**Work task**
Return all lines from the listing below in which the string "VECTOR" occurs.

**Dataset records**
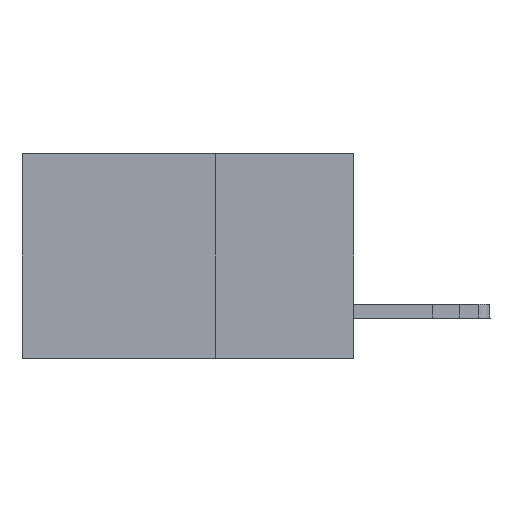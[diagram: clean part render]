
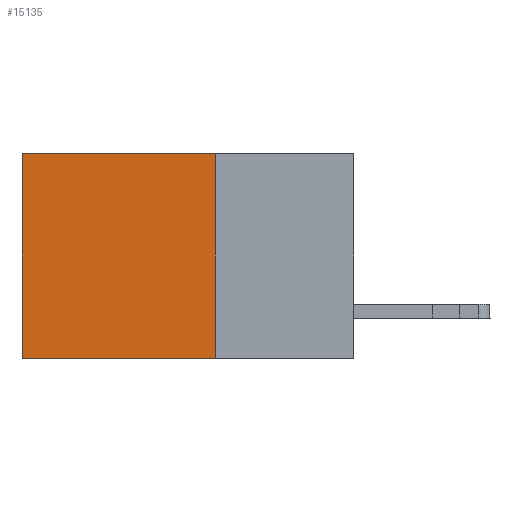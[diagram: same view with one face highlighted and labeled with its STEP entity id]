
A CAD part, left-side view. The second image highlights one B-rep face of the part: STEP entity #15135.
In plain terms, the highlighted planar face has unit normal (-1, 0, 0).
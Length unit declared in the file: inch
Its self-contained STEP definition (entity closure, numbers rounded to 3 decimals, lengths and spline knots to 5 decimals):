
#1243 = CARTESIAN_POINT ( 'NONE',  ( 0.2875, 0.25, 0. ) ) ;
#1286 = VECTOR ( 'NONE', #9171, 39.37008 ) ;
#1318 = LINE ( 'NONE', #15797, #14245 ) ;
#1693 = LINE ( 'NONE', #10457, #1286 ) ;
#1929 = CARTESIAN_POINT ( 'NONE',  ( 0.2875, 0.6, 0. ) ) ;
#1964 = EDGE_CURVE ( 'NONE', #2179, #5524, #12010, .T. ) ;
#2179 = VERTEX_POINT ( 'NONE', #10382 ) ;
#2536 = VERTEX_POINT ( 'NONE', #3315 ) ;
#3315 = CARTESIAN_POINT ( 'NONE',  ( 0.2875, 0.6, -0.37 ) ) ;
#3359 = DIRECTION ( 'NONE',  ( 0., 1., 0. ) ) ;
#4127 = DIRECTION ( 'NONE',  ( 1., 0., 0. ) ) ;
#4301 = DIRECTION ( 'NONE',  ( 0., 1., 0. ) ) ;
#4325 = DIRECTION ( 'NONE',  ( 0., 0., -1. ) ) ;
#4950 = VECTOR ( 'NONE', #4301, 39.37008 ) ;
#5524 = VERTEX_POINT ( 'NONE', #1929 ) ;
#6869 = CARTESIAN_POINT ( 'NONE',  ( 0.2875, 0.25, 0. ) ) ;
#7158 = EDGE_CURVE ( 'NONE', #13528, #2536, #1318, .T. ) ;
#7505 = AXIS2_PLACEMENT_3D ( 'NONE', #10423, #4127, #12856 ) ;
#7977 = ORIENTED_EDGE ( 'NONE', *, *, #8707, .T. ) ;
#8167 = ORIENTED_EDGE ( 'NONE', *, *, #7158, .F. ) ;
#8196 = ORIENTED_EDGE ( 'NONE', *, *, #8832, .F. ) ;
#8214 = ORIENTED_EDGE ( 'NONE', *, *, #1964, .T. ) ;
#8707 = EDGE_CURVE ( 'NONE', #5524, #2536, #1693, .T. ) ;
#8832 = EDGE_CURVE ( 'NONE', #2179, #13528, #15900, .T. ) ;
#9171 = DIRECTION ( 'NONE',  ( 0., 0., -1. ) ) ;
#9425 = VECTOR ( 'NONE', #4325, 39.37008 ) ;
#10382 = CARTESIAN_POINT ( 'NONE',  ( 0.2875, 0.25, 0. ) ) ;
#10423 = CARTESIAN_POINT ( 'NONE',  ( 0.2875, 0.25, 0. ) ) ;
#10457 = CARTESIAN_POINT ( 'NONE',  ( 0.2875, 0.6, 0. ) ) ;
#12010 = LINE ( 'NONE', #1243, #4950 ) ;
#12856 = DIRECTION ( 'NONE',  ( 0., 0., -1. ) ) ;
#13528 = VERTEX_POINT ( 'NONE', #14380 ) ;
#14031 = PLANE ( 'NONE',  #7505 ) ;
#14132 = EDGE_LOOP ( 'NONE', ( #7977, #8167, #8196, #8214 ) ) ;
#14245 = VECTOR ( 'NONE', #3359, 39.37008 ) ;
#14380 = CARTESIAN_POINT ( 'NONE',  ( 0.2875, 0.25, -0.37 ) ) ;
#14513 = FACE_OUTER_BOUND ( 'NONE', #14132, .T. ) ;
#15135 = ADVANCED_FACE ( 'NONE', ( #14513 ), #14031, .F. ) ;
#15797 = CARTESIAN_POINT ( 'NONE',  ( 0.2875, 0.25, -0.37 ) ) ;
#15900 = LINE ( 'NONE', #6869, #9425 ) ;

**Exercise output**
#1286 = VECTOR ( 'NONE', #9171, 39.37008 ) ;
#4950 = VECTOR ( 'NONE', #4301, 39.37008 ) ;
#9425 = VECTOR ( 'NONE', #4325, 39.37008 ) ;
#14245 = VECTOR ( 'NONE', #3359, 39.37008 ) ;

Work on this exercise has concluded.